Screw threads are triangular cut, but seems good quality. Note that both male & female threads on the head & tube are anodized for head lock-out. They are smooth with no cross-threading or squeaking on my sample.
.
.





Mostly the battery tube continues the cylindrical shape with four flat, long rectangular surfaces. The diamond-shaped knurling is presented over most of the battery tube except four flat, long rectangular sides, and it's a bit aggressive on the handle, helping with grip. 
.
.





The switch is the forward click switch which allows the light to be momentarily activated by half-pressing the switch while not affective the mode changing which is completely controlled by the control ring on the head. The switching travel is slightly longer than average, with average resistance and provides audible click when engaged. The switch cap sits recessed within the tail end which allows the light tail stand perfectly. There is no cut-out facilitate easily access to the switch. There are a couple of holes at the rear end for small lanyard attachment. 
.
.





The tail cap is screwed to the battery tube together, and can be removed from the tube without any tools. There is dual springs (i.e., inner & outer springs) in the base. On the opposite side of the base, you will see the mechanical tail switch with a circuit. SupBeam says the electronic circuit can work by current 5A. In case of using a simple mechanical on-off switch, it can't accept 5A current. There is an o-ring at the tail threads as well. 
.
.





You can attach the lanyard came with the light as shown above. I found it's easy to attach the lanyard without a split ring. The light can tailstand with the lanyard attached.
.
.





From left to right, VicLite 18650 protected, Skyray STL-V2, Niteye Eye40, SupBeam K40, Xtar S1.
.
.





The light is a good size with a right weight to manage it.
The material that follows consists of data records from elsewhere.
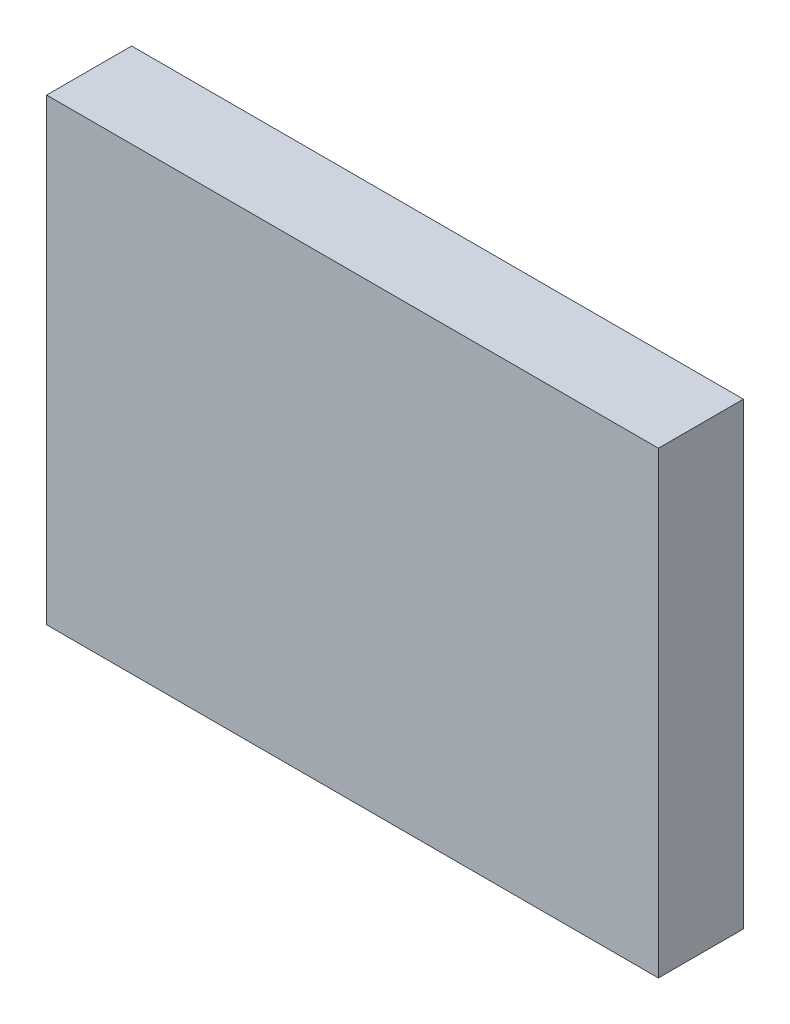
SolidWorks part; units mm, degrees
ref_plane "Спереди" through (0, 0, 0) normal (0, 0, 1) x (1, 0, 0)
ref_plane "Сверху" through (0, 0, 0) normal (0, 1, 0) x (1, 0, 0)
ref_plane "Справа" through (0, 0, 0) normal (1, 0, 0) x (0, 0, -1)
sketch "Эскиз1" plane through (0, 0, 0) normal (0, 0, 1) x (1, 0, 0)
  line L1 (-180, 135) -> (180, 135)
  line L2 (-180, 135) -> (-180, -135)
  line L3 (-180, -135) -> (180, -135)
  line L4 (180, 135) -> (180, -135)
  line L5 (-180, 135) -> (180, -135) construction
  line L6 (-180, -135) -> (180, 135) construction
  point P0 (0, 0)
extrude "Бобышка-Вытянуть1" add sketch "Эскиз1" along normal blind 50
sketch "шлифовка" plane through (0, 0, 50) normal (0, 0, 1) x (1, 0, 0)
  line L1 (-34.1581, 21.8035) -> (-171.6039, 21.8035)
  line L2 (-34.1581, 21.8035) -> (-34.1581, 9.8035)
  line L3 (-34.1581, 9.8035) -> (-171.6039, 9.8035)
  line L4 (-171.6039, 21.8035) -> (-171.6039, 9.8035)
sketch3d "Трехмерный эскиз1"
  point P0 (0, 0, 50.02)
sketch "Перлаж" plane through (0, 0, 50) normal (0, 0, 1) x (1, 0, 0)
  circle A149 centre (-138.9139, -231.1186) radius 1.47
  circle A150 centre (-137.3639, -231.1186) radius 1.47
  circle A151 centre (-135.8139, -231.1186) radius 1.47
  circle A152 centre (-134.2639, -231.1186) radius 1.47
  circle A153 centre (-132.7139, -231.1186) radius 1.47
  circle A154 centre (-131.1639, -231.1186) radius 1.47
  circle A155 centre (-129.6139, -231.1186) radius 1.47
  circle A156 centre (-128.0639, -231.1186) radius 1.47
  circle A157 centre (-126.5139, -231.1186) radius 1.47
  circle A158 centre (-124.9639, -231.1186) radius 1.47
  circle A159 centre (-137.3639, -229.5686) radius 1.47
  circle A160 centre (-135.8139, -229.5686) radius 1.47
  circle A161 centre (-134.2639, -229.5686) radius 1.47
  circle A162 centre (-132.7139, -229.5686) radius 1.47
  circle A163 centre (-131.1639, -229.5686) radius 1.47
  circle A164 centre (-129.6139, -229.5686) radius 1.47
  circle A165 centre (-128.0639, -229.5686) radius 1.47
  circle A166 centre (-126.5139, -229.5686) radius 1.47
  circle A167 centre (-124.9639, -229.5686) radius 1.47
  circle A168 centre (-137.3639, -228.0186) radius 1.47
  circle A169 centre (-135.8139, -228.0186) radius 1.47
  circle A170 centre (-134.2639, -228.0186) radius 1.47
  circle A171 centre (-132.7139, -228.0186) radius 1.47
  circle A172 centre (-131.1639, -228.0186) radius 1.47
  circle A173 centre (-129.6139, -228.0186) radius 1.47
  circle A174 centre (-128.0639, -228.0186) radius 1.47
  circle A175 centre (-126.5139, -228.0186) radius 1.47
  circle A176 centre (-124.9639, -228.0186) radius 1.47
  circle A177 centre (-137.3639, -226.4686) radius 1.47
  circle A178 centre (-135.8139, -226.4686) radius 1.47
  circle A179 centre (-134.2639, -226.4686) radius 1.47
  circle A180 centre (-132.7139, -226.4686) radius 1.47
  circle A181 centre (-131.1639, -226.4686) radius 1.47
  circle A182 centre (-129.6139, -226.4686) radius 1.47
  circle A183 centre (-128.0639, -226.4686) radius 1.47
  circle A184 centre (-126.5139, -226.4686) radius 1.47
  circle A185 centre (-124.9639, -226.4686) radius 1.47
  circle A186 centre (-137.3639, -224.9186) radius 1.47
  circle A187 centre (-135.8139, -224.9186) radius 1.47
  circle A188 centre (-134.2639, -224.9186) radius 1.47
  circle A189 centre (-132.7139, -224.9186) radius 1.47
  circle A190 centre (-131.1639, -224.9186) radius 1.47
  circle A191 centre (-129.6139, -224.9186) radius 1.47
  circle A192 centre (-128.0639, -224.9186) radius 1.47
  circle A193 centre (-126.5139, -224.9186) radius 1.47
  circle A194 centre (-124.9639, -224.9186) radius 1.47
  circle A195 centre (-137.3639, -223.3686) radius 1.47
  circle A196 centre (-135.8139, -223.3686) radius 1.47
  circle A197 centre (-134.2639, -223.3686) radius 1.47
  circle A198 centre (-132.7139, -223.3686) radius 1.47
  circle A199 centre (-131.1639, -223.3686) radius 1.47
  circle A200 centre (-129.6139, -223.3686) radius 1.47
  circle A201 centre (-128.0639, -223.3686) radius 1.47
  circle A202 centre (-126.5139, -223.3686) radius 1.47
  circle A203 centre (-124.9639, -223.3686) radius 1.47
  circle A204 centre (-137.3639, -221.8186) radius 1.47
  circle A205 centre (-135.8139, -221.8186) radius 1.47
  circle A206 centre (-134.2639, -221.8186) radius 1.47
  circle A207 centre (-132.7139, -221.8186) radius 1.47
  circle A208 centre (-131.1639, -221.8186) radius 1.47
  circle A209 centre (-129.6139, -221.8186) radius 1.47
  circle A210 centre (-128.0639, -221.8186) radius 1.47
  circle A211 centre (-126.5139, -221.8186) radius 1.47
  circle A212 centre (-124.9639, -221.8186) radius 1.47
  circle A213 centre (-137.3639, -220.2686) radius 1.47
  circle A214 centre (-135.8139, -220.2686) radius 1.47
  circle A215 centre (-134.2639, -220.2686) radius 1.47
  circle A216 centre (-132.7139, -220.2686) radius 1.47
  circle A217 centre (-131.1639, -220.2686) radius 1.47
  circle A218 centre (-129.6139, -220.2686) radius 1.47
  circle A219 centre (-128.0639, -220.2686) radius 1.47
  circle A220 centre (-126.5139, -220.2686) radius 1.47
  circle A221 centre (-124.9639, -220.2686) radius 1.47
  circle A222 centre (-137.3639, -218.7186) radius 1.47
  circle A223 centre (-135.8139, -218.7186) radius 1.47
  circle A224 centre (-134.2639, -218.7186) radius 1.47
  circle A225 centre (-132.7139, -218.7186) radius 1.47
  circle A226 centre (-131.1639, -218.7186) radius 1.47
  circle A227 centre (-129.6139, -218.7186) radius 1.47
  circle A228 centre (-128.0639, -218.7186) radius 1.47
  circle A229 centre (-126.5139, -218.7186) radius 1.47
  circle A230 centre (-124.9639, -218.7186) radius 1.47
  circle A231 centre (-137.3639, -217.1686) radius 1.47
  circle A232 centre (-135.8139, -217.1686) radius 1.47
  circle A233 centre (-134.2639, -217.1686) radius 1.47
  circle A234 centre (-132.7139, -217.1686) radius 1.47
  circle A235 centre (-131.1639, -217.1686) radius 1.47
  circle A236 centre (-129.6139, -217.1686) radius 1.47
  circle A237 centre (-128.0639, -217.1686) radius 1.47
  circle A238 centre (-126.5139, -217.1686) radius 1.47
  circle A239 centre (-124.9639, -217.1686) radius 1.47
  circle A240 centre (-138.9139, -229.5686) radius 1.47
  circle A241 centre (-138.9139, -228.0186) radius 1.47
  circle A242 centre (-138.9139, -226.4686) radius 1.47
  circle A243 centre (-138.9139, -224.9186) radius 1.47
  circle A244 centre (-138.9139, -223.3686) radius 1.47
  circle A245 centre (-138.9139, -221.8186) radius 1.47
  circle A246 centre (-138.9139, -220.2686) radius 1.47
  circle A247 centre (-138.9139, -218.7186) radius 1.47
  circle A248 centre (-138.9139, -217.1686) radius 1.47
  dimension "D1" = 10
  dimension "D3" = 2.94
  dimension "D2" = 10
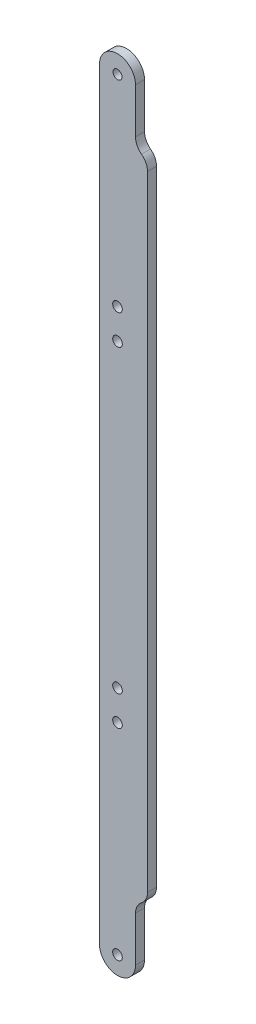
SolidWorks part; units mm, degrees
ref_plane "前视基准面" through (0, 0, 0) normal (0, 0, 1) x (1, 0, 0)
ref_plane "上视基准面" through (0, 0, 0) normal (0, 1, 0) x (1, 0, 0)
ref_plane "右视基准面" through (0, 0, 0) normal (1, 0, 0) x (0, 0, -1)
sketch "草图2" plane through (0, 0, 0) normal (0, 0, 1) x (1, 0, 0)
  line L1 (0, -43.1089) -> (-18, -43.1089)
  line L2 (0, -43.1089) -> (0, -133.1089)
  line L3 (0, -133.1089) -> (-18, -133.1089)
  line L4 (-18, -43.1089) -> (-18, -133.1089)
  circle A0 centre (-10, -125.1089) radius 1.6
  dimension "D1" = 18
  dimension "D2" = 8
  dimension "D3" = 3.2
  dimension "D4" = 82
  dimension "D5" = 8
extrude "凸台-拉伸1" add sketch "草图2" along normal blind 3
sketch "草图3" plane through (0, 0, 3) normal (0, 0, 1) x (1, 0, 0)
  line L0 (0, 1.8911) -> (-44.6895, 1.8911) construction
  line L1 (-18, 136.8911) -> (0, 136.8911)
  line L2 (-18, 46.8911) -> (-18, 136.8911)
  line L4 (0, -133.1089) -> (0, -43.1089)
  line L5 (0, -43.1089) -> (-18, -43.1089)
  line L6 (-18, -43.1089) -> (-18, -133.1089)
  line L7 (-18, -133.1089) -> (0, -133.1089)
  line L9 (0, -43.1089) -> (-18, -43.1089)
  line L12 (0, 136.8911) -> (0, 46.8911)
  line L15 (-18, 46.8911) -> (-18, -43.1089)
  line L16 (-18, -43.1089) -> (0, -43.1089)
  line L17 (0, 46.8911) -> (0, -43.1089)
  circle A1 centre (-10, 128.8911) radius 1.5
  line M11 (0, -43.1089) -> (-18, -43.1089)
  dimension "D3" = 8
  dimension "D4" = 10
  dimension "D5" = 127
  dimension "D2" = 45
  dimension "D1" = 0
extrude "凸台-拉伸2" add sketch "草图3" against normal blind 3 contours L0 L17 L12 L1 L2 L15 A1 | L17 L0 L15 M11
sketch "草图4" plane through (0, 0, 3) normal (0, 0, 1) x (1, 0, 0)
  circle A0 centre (-10, -58.1089) radius 1.6
  circle A1 centre (-10, -48.1089) radius 1.6
  circle A2 centre (-10, 51.8911) radius 1.6
  circle A3 centre (-10, 61.8911) radius 1.6
extrude "切除-拉伸1" cut sketch "草图4" against normal blind 3
sketch "草图5" plane through (0, 0, 3) normal (0, 0, 1) x (1, 0, 0)
  line L0 (-4, -125.1089) -> (-4, -110.1089)
  line L1 (0, -133.1089) -> (0, 136.8911) construction
  line L2 (-16, -125.1089) -> (-16, 128.8911)
  line L4 (0, 1.8911) -> (-11.675, 1.8911) construction
  line L5 (-16, 128.8911) -> (-16, -125.1089)
  line L6 (-4, 128.8911) -> (-4, 113.8911)
  line L7 (0, -102.1089) -> (0, -133.1089)
  line L8 (0, -133.1089) -> (-18, -133.1089)
  line L9 (-18, -133.1089) -> (-18, 136.8911)
  line L10 (-18, 136.8911) -> (0, 136.8911)
  line L11 (0, 136.8911) -> (0, 105.8911)
  circle A0 centre (-10, -125.1089) radius 6
  arc A1 (-4, -110.1089) -> (-2, -106.1089) centre (1, -110.1089) cw
  arc A2 (-2, -106.1089) -> (0, -102.1089) centre (-5, -102.1089) ccw
  arc A3 (-2, 109.8911) -> (0, 105.8911) centre (-5, 105.8911) cw
  arc A4 (-4, 113.8911) -> (-2, 109.8911) centre (1, 113.8911) ccw
  circle A5 centre (-10, 128.8911) radius 6
  line M7 (0, -133.1089) -> (0, 136.8911)
  line M8 (0, 136.8911) -> (-18, 136.8911)
  line M9 (-18, 136.8911) -> (-18, -133.1089)
  line M10 (-18, -133.1089) -> (0, -133.1089)
  dimension "D1" = 12
  dimension "D2" = 5
  dimension "D3" = 5
  dimension "D5" = 127
  dimension "D4" = 15
extrude "切除-拉伸2" cut sketch "草图5" against normal blind 3 and the other way through all contours L2 A5 L6 A4 A3 A2 A1 L0 A0 M7 M8 M9 M10

The operating the control ring with two fingers (i.e., thumb and index finger) is relatively easy, but difficult with the thumb only. The gripability seems good. I find handling & balance of the light is good. *Overall build quality *is very high.
.
.





K40 comes with a nice nylon holster with a velcro strap on the head. The light fits in the holster head-up only. 
.
.
*Measured Dimensions & Weight

*




.
.
*User Interface 
**
*On-off is controlled by the tailcap forward switch and output switching is controlled by the control ring in the head. Turn the light on-off by the tailcap clicky – press for momentary, press and release (i.e., click) for constant on. 
There are six constant output levels, standby, and strobe. Change output modes by turning the control ring in the head. Arranged from left to right (with the head facing forward) in the following order. L1 (min. output) -> L2 -> L3 -> L4 -> L5 -> L6 (max. output) -> standby -> strobe. 

No light is produced on standby, but a small current will be drawn to allow the circuit to respond to a ring turn as described below. 
.
.
*Standby Current Drain
**
*Due to the control ring and electronic tail switch, the light has a small current when fully connected and control ring arrow is pointing at standby mode and the tailcap switch is clicked on.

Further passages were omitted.